Oooh, apologies for my completely unexplained absence from this organ last week. A variety of continuous, unlikely emergencies conspired to keep me away from my precious keyboard and monitor on Sunday, eventually culminating in an exciting race through Dublin to find a kind of precious anklet. Either that, or I was pathetically tired from working all week, and that anklet story was actually just an elaborate dream I had. I really don’t remember, and frankly, you don’t care. Either way, to make up for it, myself and my comrade-in-blogs David “Coyote Trax” Kirk only went and recorded a podcast, which you can observe and appreciate at this location: LOCATION.
Also, my unexpected week off gave me the opportunity to consider something: in the couple of months that Radio Bile has been in existence, spewing words and vitriol all over you pretty people, it’s never once been made clear that all the words appearing in this column are the opinions of Al Byrne, and Al Byrne alone, and do not represent the views of ZME Music. This is, of course, completely deliberate, and you should take all the arguments, badly-researched information, and outright slander I unleash in Radio Bile as the official stance of ZME Music, no matter how much my editors, co-writers, and imaginary underlings might disagree, or punch me.
Accordingly, all of ZME spent this week completely enraptured by Lifter Puller’s newly re-issued Fiestas and Fiascos album – one part lo-fi indie-rock gem, two parts sprawling suburban rock opera. We – and that’s all of us, every last member of the ZME team, oh yes – also spent most of Wednesday night with our fingers hovering over our keyboards’ F5 button, frantically refreshing our browsers in a soul-crushing effort to secure fan club tickets to Pearl Jam’s Dublin gig next year. (Note: I got ’em! And with the added bonus of quietly feeling like a wanker, after realising I’m slightly miffed at not getting a press pass. What have I become, readers? Y’know: apart from cheap. I know I’m cheap. I was already cheap.)
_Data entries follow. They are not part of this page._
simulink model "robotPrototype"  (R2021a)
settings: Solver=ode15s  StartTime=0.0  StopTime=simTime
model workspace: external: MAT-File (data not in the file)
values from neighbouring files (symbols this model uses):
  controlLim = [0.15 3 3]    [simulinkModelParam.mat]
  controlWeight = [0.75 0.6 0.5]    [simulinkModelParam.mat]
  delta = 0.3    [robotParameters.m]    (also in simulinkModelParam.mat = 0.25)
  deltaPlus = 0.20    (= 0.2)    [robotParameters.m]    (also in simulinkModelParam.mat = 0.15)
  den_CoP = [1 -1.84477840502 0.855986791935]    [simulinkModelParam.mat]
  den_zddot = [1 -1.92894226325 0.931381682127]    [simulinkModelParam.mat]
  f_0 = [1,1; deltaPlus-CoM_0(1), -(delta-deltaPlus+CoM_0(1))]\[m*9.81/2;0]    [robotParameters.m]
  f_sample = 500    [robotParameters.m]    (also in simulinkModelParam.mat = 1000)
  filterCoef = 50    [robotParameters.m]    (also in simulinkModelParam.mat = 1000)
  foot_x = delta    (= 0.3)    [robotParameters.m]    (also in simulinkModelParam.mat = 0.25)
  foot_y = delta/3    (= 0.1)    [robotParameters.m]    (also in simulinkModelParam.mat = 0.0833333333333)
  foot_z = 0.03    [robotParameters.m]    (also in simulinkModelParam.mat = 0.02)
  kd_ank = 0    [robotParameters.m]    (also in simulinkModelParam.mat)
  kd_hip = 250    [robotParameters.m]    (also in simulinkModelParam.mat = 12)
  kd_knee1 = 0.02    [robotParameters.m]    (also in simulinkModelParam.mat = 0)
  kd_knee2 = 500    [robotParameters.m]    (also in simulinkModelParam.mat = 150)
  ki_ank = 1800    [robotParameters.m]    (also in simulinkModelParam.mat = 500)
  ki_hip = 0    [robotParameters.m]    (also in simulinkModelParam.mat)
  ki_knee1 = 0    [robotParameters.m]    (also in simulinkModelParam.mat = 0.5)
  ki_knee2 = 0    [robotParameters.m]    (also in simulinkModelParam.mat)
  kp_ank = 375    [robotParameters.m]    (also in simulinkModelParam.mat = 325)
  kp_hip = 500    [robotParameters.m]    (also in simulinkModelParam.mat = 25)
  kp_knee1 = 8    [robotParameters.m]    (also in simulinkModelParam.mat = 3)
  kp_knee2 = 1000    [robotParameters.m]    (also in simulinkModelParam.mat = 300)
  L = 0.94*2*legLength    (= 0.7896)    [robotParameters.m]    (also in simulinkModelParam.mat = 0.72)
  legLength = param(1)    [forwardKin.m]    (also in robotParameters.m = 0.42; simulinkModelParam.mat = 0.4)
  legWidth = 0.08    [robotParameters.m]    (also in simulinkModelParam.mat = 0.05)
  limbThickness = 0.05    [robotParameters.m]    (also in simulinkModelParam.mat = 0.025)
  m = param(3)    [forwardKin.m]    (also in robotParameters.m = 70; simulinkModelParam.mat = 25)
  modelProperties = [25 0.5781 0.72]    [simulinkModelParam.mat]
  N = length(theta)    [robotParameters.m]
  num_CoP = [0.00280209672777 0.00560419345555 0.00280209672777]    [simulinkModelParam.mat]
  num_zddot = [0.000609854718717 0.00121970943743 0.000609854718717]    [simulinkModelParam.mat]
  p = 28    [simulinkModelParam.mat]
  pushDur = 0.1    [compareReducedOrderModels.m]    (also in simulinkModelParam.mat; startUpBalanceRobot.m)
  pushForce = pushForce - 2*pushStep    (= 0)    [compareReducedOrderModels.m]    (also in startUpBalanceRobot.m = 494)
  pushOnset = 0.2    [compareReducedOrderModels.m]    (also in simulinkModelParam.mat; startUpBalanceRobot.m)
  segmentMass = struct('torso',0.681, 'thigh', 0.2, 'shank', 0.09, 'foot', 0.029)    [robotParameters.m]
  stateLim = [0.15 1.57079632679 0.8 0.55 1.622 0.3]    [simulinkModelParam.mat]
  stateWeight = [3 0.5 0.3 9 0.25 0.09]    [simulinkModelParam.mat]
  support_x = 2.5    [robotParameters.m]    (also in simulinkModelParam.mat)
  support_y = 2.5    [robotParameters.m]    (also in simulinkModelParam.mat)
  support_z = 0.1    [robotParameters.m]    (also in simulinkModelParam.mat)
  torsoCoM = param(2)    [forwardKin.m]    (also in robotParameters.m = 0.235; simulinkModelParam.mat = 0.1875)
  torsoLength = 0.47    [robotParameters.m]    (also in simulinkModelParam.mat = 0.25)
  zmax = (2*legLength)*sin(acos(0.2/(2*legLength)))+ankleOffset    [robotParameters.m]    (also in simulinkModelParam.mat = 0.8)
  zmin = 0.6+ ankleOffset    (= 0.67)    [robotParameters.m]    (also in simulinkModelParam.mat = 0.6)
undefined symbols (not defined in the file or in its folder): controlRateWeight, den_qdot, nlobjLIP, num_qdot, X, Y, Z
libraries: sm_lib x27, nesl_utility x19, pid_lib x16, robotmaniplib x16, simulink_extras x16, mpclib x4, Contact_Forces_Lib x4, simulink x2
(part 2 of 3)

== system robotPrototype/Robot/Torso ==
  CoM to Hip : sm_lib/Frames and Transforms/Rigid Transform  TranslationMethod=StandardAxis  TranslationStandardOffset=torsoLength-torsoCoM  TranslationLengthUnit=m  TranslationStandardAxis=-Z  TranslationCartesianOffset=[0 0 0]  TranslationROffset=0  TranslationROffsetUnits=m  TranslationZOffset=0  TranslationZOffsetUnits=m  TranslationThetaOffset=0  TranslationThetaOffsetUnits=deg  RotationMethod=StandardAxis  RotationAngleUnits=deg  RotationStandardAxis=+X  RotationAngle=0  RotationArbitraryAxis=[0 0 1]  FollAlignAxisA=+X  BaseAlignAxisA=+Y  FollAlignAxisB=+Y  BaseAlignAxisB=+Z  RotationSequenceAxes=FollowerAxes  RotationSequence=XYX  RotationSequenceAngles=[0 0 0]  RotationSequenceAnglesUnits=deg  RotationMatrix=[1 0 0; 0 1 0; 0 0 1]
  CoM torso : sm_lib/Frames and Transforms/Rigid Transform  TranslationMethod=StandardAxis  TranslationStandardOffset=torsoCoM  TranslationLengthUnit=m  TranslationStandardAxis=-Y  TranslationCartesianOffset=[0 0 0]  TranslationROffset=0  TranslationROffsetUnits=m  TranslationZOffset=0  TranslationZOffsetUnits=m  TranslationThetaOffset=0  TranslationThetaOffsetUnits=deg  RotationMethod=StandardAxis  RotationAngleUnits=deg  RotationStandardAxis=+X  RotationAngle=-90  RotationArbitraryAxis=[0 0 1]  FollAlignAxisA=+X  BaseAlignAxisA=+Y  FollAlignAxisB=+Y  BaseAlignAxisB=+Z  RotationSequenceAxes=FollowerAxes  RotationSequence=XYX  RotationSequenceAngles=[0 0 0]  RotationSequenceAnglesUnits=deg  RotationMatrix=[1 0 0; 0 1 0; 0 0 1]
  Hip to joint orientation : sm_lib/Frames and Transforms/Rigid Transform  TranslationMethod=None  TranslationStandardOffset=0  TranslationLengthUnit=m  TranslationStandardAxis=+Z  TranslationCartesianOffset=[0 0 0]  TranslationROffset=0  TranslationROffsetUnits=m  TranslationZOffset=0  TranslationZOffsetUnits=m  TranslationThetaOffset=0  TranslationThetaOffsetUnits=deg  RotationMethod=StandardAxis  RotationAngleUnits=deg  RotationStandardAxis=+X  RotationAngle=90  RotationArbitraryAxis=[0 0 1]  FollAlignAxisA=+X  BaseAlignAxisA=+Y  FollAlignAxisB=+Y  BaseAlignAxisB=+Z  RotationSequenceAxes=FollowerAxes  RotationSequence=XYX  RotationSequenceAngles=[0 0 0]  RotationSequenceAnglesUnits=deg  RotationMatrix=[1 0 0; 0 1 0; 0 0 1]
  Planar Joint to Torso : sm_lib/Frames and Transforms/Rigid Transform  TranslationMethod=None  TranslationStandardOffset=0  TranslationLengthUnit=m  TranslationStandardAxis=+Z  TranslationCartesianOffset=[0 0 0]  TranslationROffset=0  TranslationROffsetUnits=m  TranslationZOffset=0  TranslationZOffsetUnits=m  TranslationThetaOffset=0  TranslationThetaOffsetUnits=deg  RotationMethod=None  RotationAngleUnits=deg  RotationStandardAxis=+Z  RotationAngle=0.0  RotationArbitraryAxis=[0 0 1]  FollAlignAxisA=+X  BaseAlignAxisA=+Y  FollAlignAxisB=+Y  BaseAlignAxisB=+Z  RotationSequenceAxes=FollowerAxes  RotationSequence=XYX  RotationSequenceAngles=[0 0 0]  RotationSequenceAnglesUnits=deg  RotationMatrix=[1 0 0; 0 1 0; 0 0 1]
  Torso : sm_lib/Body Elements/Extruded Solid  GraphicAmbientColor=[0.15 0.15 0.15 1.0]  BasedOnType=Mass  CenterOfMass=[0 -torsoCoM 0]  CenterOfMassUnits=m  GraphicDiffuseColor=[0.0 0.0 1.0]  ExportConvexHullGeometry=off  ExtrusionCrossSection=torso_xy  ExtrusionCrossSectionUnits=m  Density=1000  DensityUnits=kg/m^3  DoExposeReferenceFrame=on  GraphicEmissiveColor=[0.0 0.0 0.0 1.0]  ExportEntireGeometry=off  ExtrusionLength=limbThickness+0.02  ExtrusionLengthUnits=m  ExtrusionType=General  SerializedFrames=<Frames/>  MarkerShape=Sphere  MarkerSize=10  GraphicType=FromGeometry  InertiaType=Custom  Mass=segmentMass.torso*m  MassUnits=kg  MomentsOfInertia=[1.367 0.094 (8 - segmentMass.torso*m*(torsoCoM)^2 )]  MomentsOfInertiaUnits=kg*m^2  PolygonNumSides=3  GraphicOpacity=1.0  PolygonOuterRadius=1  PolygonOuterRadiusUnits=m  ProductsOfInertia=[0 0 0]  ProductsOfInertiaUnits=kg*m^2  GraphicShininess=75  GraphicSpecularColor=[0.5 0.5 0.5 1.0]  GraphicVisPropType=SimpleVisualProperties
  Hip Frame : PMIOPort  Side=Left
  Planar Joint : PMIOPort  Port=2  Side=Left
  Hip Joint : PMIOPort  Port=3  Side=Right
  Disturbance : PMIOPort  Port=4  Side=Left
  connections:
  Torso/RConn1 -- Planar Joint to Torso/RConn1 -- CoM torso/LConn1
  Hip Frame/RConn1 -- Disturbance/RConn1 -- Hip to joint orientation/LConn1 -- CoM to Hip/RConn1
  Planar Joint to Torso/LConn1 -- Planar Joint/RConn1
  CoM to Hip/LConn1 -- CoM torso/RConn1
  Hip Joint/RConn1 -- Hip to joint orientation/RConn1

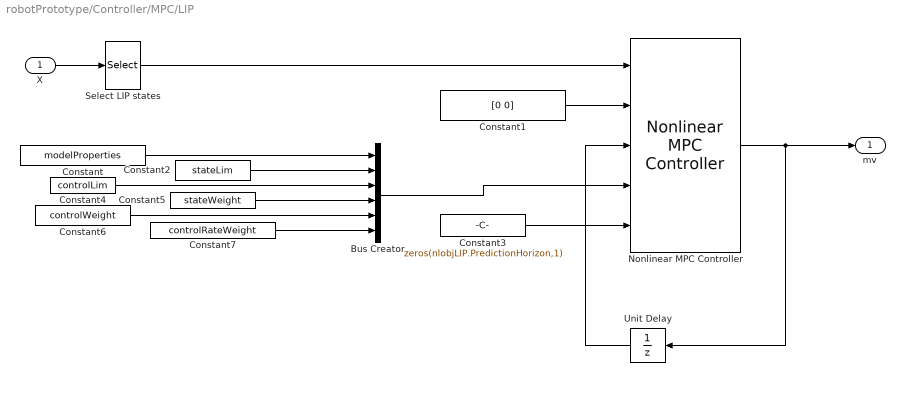
== system robotPrototype/Controller/MPC/LIP ==
  X : Inport
  Bus Creator : BusCreator  Inputs=6  OutDataTypeStr=Bus: myBusObjectLIP  NonVirtualBus=on
      settings: InheritFromInputs=off
  Constant : Constant  Value=modelProperties
  Constant1 : Constant  Value=[0 0]  VectorParams1D=off  OutDataTypeStr=double
  Constant2 : Constant  Value=stateLim
  Constant3 : Constant  Value=zeros(nlobjLIP.PredictionHorizon,1)
  Constant4 : Constant  Value=controlLim
  Constant5 : Constant  Value=stateWeight
  Constant6 : Constant  Value=controlWeight
  Constant7 : Constant  Value=controlRateWeight
  Nonlinear MPC Controller : mpclib/Nonlinear MPC Controller  SCDEnableBlockLinearizationSpecification=on  nlmpcobj=nlobjLIP  UseObjectTs=on  UseMEX=off  md_enabled=off  mvtarget_enabled=on  param_enabled=on  cost_enabled=off  mvseq_enabled=off  stateseq_enabled=off  ovseq_enabled=off  slack_enabled=off  status_enabled=off  ov_min=off  ov_max=off  mv_min=off  mv_max=off  mvrate_min=off  mvrate_max=off  state_min=off  state_max=off  ov_weight=off  mv_weight=off  mvrate_weight=off  ecr_weight=off  nlp_initialize=off
  Select LIP states : Selector  InputPortWidth=6  IndexOptions=Index vector (dialog)  Indices=[1 4]  OutputSizes=1
  Unit Delay : UnitDelay  SampleTime=-1  HasFrameUpgradeWarning=on
  mv : Outport
  wires:
  Bus Creator/1 -> Nonlinear MPC Controller/4
  Constant3/1 -> Nonlinear MPC Controller/5
  Unit Delay/1 -> Nonlinear MPC Controller/3
  Constant1/1 -> Nonlinear MPC Controller/2
  Nonlinear MPC Controller/1 -> Unit Delay/1, mv/1
  X/1 -> Select LIP states/1
  Select LIP states/1 -> Nonlinear MPC Controller/1
  Constant5/1 -> Bus Creator/4
  Constant4/1 -> Bus Creator/3
  Constant2/1 -> Bus Creator/2
  Constant/1 -> Bus Creator/1
  Constant6/1 -> Bus Creator/5
  Constant7/1 -> Bus Creator/6

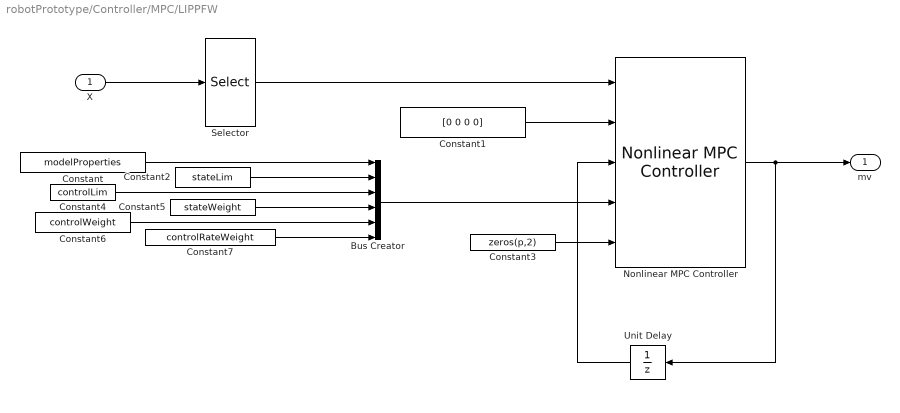
== system robotPrototype/Controller/MPC/LIPPFW ==
  X : Inport
  Bus Creator : BusCreator  Inputs=6  OutDataTypeStr=Bus: myBusObjectLIPPFW  NonVirtualBus=on
      settings: InheritFromInputs=off
  Constant : Constant  Value=modelProperties
  Constant1 : Constant  Value=[0 0 0 0]  VectorParams1D=off  OutDataTypeStr=double
  Constant2 : Constant  Value=stateLim
  Constant3 : Constant  Value=zeros(p,2)
  Constant4 : Constant  Value=controlLim
  Constant5 : Constant  Value=stateWeight
  Constant6 : Constant  Value=controlWeight
  Constant7 : Constant  Value=controlRateWeight
  Nonlinear MPC Controller : mpclib/Nonlinear MPC Controller  SCDEnableBlockLinearizationSpecification=on  nlmpcobj=nlobjLIPPFW  UseObjectTs=on  UseMEX=off  md_enabled=off  mvtarget_enabled=on  param_enabled=on  cost_enabled=off  mvseq_enabled=off  stateseq_enabled=off  ovseq_enabled=off  slack_enabled=off  status_enabled=off  ov_min=off  ov_max=off  mv_min=off  mv_max=off  mvrate_min=off  mvrate_max=off  state_min=off  state_max=off  ov_weight=off  mv_weight=off  mvrate_weight=off  ecr_weight=off  nlp_initialize=off
  Selector : Selector  InputPortWidth=6  IndexOptions=Index vector (dialog)  Indices=[1 2 4 5]  OutputSizes=1
  Unit Delay : UnitDelay  SampleTime=-1  HasFrameUpgradeWarning=on
  mv : Outport
  wires:
  Unit Delay/1 -> Nonlinear MPC Controller/3
  Constant1/1 -> Nonlinear MPC Controller/2
  Nonlinear MPC Controller/1 -> mv/1, Unit Delay/1
  Bus Creator/1 -> Nonlinear MPC Controller/4
  Constant3/1 -> Nonlinear MPC Controller/5
  Constant5/1 -> Bus Creator/4
  Constant4/1 -> Bus Creator/3
  Constant2/1 -> Bus Creator/2
  Constant/1 -> Bus Creator/1
  Constant6/1 -> Bus Creator/5
  X/1 -> Selector/1
  Selector/1 -> Nonlinear MPC Controller/1
  Constant7/1 -> Bus Creator/6

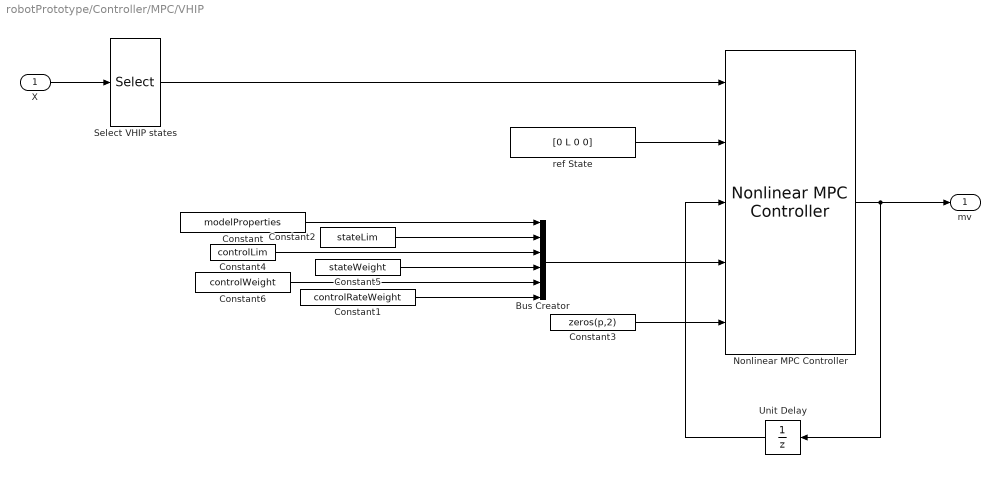
== system robotPrototype/Controller/MPC/VHIP ==
  X : Inport
  Bus Creator : BusCreator  Inputs=6  OutDataTypeStr=Bus: myBusObjectVHIP  NonVirtualBus=on
      settings: InheritFromInputs=off
  Constant : Constant  Value=modelProperties
  Constant1 : Constant  Value=controlRateWeight
  Constant2 : Constant  Value=stateLim
  Constant3 : Constant  Value=zeros(p,2)
  Constant4 : Constant  Value=controlLim
  Constant5 : Constant  Value=stateWeight
  Constant6 : Constant  Value=controlWeight
  Nonlinear MPC Controller : mpclib/Nonlinear MPC Controller  SCDEnableBlockLinearizationSpecification=on  nlmpcobj=nlobjVHIP  UseObjectTs=on  UseMEX=off  md_enabled=off  mvtarget_enabled=on  param_enabled=on  cost_enabled=off  mvseq_enabled=off  stateseq_enabled=off  ovseq_enabled=off  slack_enabled=off  status_enabled=off  ov_min=off  ov_max=off  mv_min=off  mv_max=off  mvrate_min=off  mvrate_max=off  state_min=off  state_max=off  ov_weight=off  mv_weight=off  mvrate_weight=off  ecr_weight=off  nlp_initialize=off
  Select VHIP states : Selector  InputPortWidth=6  IndexOptions=Index vector (dialog)  Indices=[1 3 4 6]  OutputSizes=1
  Unit Delay : UnitDelay  SampleTime=-1  HasFrameUpgradeWarning=on
  ref State : Constant  Value=[0 L 0 0]  VectorParams1D=off  OutDataTypeStr=double
  mv : Outport
  wires:
  Unit Delay/1 -> Nonlinear MPC Controller/3
  ref State/1 -> Nonlinear MPC Controller/2
  Nonlinear MPC Controller/1 -> Unit Delay/1, mv/1
  Bus Creator/1 -> Nonlinear MPC Controller/4
  Constant3/1 -> Nonlinear MPC Controller/5
  X/1 -> Select VHIP states/1
  Select VHIP states/1 -> Nonlinear MPC Controller/1
  Constant5/1 -> Bus Creator/4
  Constant/1 -> Bus Creator/1
  Constant4/1 -> Bus Creator/3
  Constant2/1 -> Bus Creator/2
  Constant6/1 -> Bus Creator/5
  Constant1/1 -> Bus Creator/6

== system robotPrototype/Controller/MPC/VHIPPFW ==
  X : Inport
  Bus Creator : BusCreator  Inputs=6  OutDataTypeStr=Bus: myBusObjectVHIPPFW  NonVirtualBus=on
      settings: InheritFromInputs=off
  Constant : Constant  Value=modelProperties
  Constant1 : Constant  Value=controlRateWeight
  Constant2 : Constant  Value=stateLim
  Constant3 : Constant  Value=zeros(p,3)
  Constant4 : Constant  Value=controlLim
  Constant5 : Constant  Value=stateWeight
  Constant6 : Constant  Value=controlWeight
  Nonlinear MPC Controller : mpclib/Nonlinear MPC Controller  SCDEnableBlockLinearizationSpecification=on  nlmpcobj=nlobjVHIPPFW  UseObjectTs=on  UseMEX=off  md_enabled=off  mvtarget_enabled=on  param_enabled=on  cost_enabled=off  mvseq_enabled=off  stateseq_enabled=off  ovseq_enabled=off  slack_enabled=off  status_enabled=off  ov_min=off  ov_max=off  mv_min=off  mv_max=off  mvrate_min=off  mvrate_max=off  state_min=off  state_max=off  ov_weight=off  mv_weight=off  mvrate_weight=off  ecr_weight=off  nlp_initialize=off
  Unit Delay : UnitDelay  SampleTime=-1  HasFrameUpgradeWarning=on
  refState : Constant  Value=[0 0 L 0 0 0]  VectorParams1D=off  OutDataTypeStr=double
  mv : Outport
  wires:
  Bus Creator/1 -> Nonlinear MPC Controller/4
  Constant3/1 -> Nonlinear MPC Controller/5
  Constant2/1 -> Bus Creator/2
  Constant/1 -> Bus Creator/1
  X/1 -> Nonlinear MPC Controller/1
  Unit Delay/1 -> Nonlinear MPC Controller/3
  refState/1 -> Nonlinear MPC Controller/2
  Nonlinear MPC Controller/1 -> mv/1, Unit Delay/1
  Constant4/1 -> Bus Creator/3
  Constant5/1 -> Bus Creator/4
  Constant6/1 -> Bus Creator/5
  Constant1/1 -> Bus Creator/6

== system robotPrototype/Controller/Variant Subsystem/LIP ==
  mv : Inport
  measureData : Inport  Port=2
  Bus Creator : BusCreator  Inputs=3
  Bus Selector : BusSelector  OutputSignals=CoP,jointPos,state,ContactForces,jointAng
  Demux2 : Demux  Outputs=3
  Feedback Correction : Subsystem
  Inverse Dynamics1 : Subsystem
  jointTorque : Outport
  wires:
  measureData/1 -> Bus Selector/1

But none of that can be important: not now! Because I want to talk to you about what I did in the brief, tender moments when I wasn’t scrambling for tickets I don’t really want, working in some absurd parody of a clothes shop stockroom, speaking on behalf of my unwitting colleagues, being a dick to poor little lost Aiden fans, or sleeping in the foetal position. Yes: as if to make a mockery of my claims of being “busy” and “overworked”, in my few spare seconds, I read a comic. A bloody comic.
A bloody good comic.
I speak of Phonogram: “arted” by Jamie McKelvie, written by the preternaturally talented Kieron Gillen, and relevant to these very pixels because it’s about music. And don’t cower and hide your creased face in fear and antipathy like that – it’s not that kind of comic. It’s not some depressingly facile hero-worship “band on the road” story comic, nor is it a bunch of cartoon quavers having quaint misadventures: this isn’t a music comic. It’s a comic about music.
It’s an important distinction, y’know? Because, for me at least, the story in the comic is secondary to the overall message it delivers. Sure, there’s a fairly nice plot in there, but most of the important things the comic says are outside of that (except for the nice bit about how retro-fetishising a musical movement – in this case, BritPop – neuters it of its significance). Gillen shows how music, in that grandest of clichés, can save a life; can define who a person is, or who they make themselves out to be; how it can save the world, in whatever small or large way. But he also shows how music can fuck you up pretty bad. He understands the power of identifying yourself with a band, or with a scene, but he also knows that eventually, that becomes a pretty shallow identity.
That’s how deeply steeped in music this comic is. You all owe it to yourself to read it. Especially tonight, as the X Factor winds up and we have ourselves another victorious, bland, factory-line popstar making his ascent (before his inevitable, tabloid-glamour-models-and-West-End descent), and you perhaps need a reminder that music can be something other than a startling insight into the vapid pointlessness of human existence.
And, best of all, Gillen manages to toss off Afghan Whigs quotes in the dialogue without the slightest bit of explanation. I think I love him.
(By the way, who won? Was it Joe? And which one’s Joe? The male Cheryl Cole, or the mutant offspring of Will Young and Mark Owen? And did that Stacey one ever stop looking astonished?)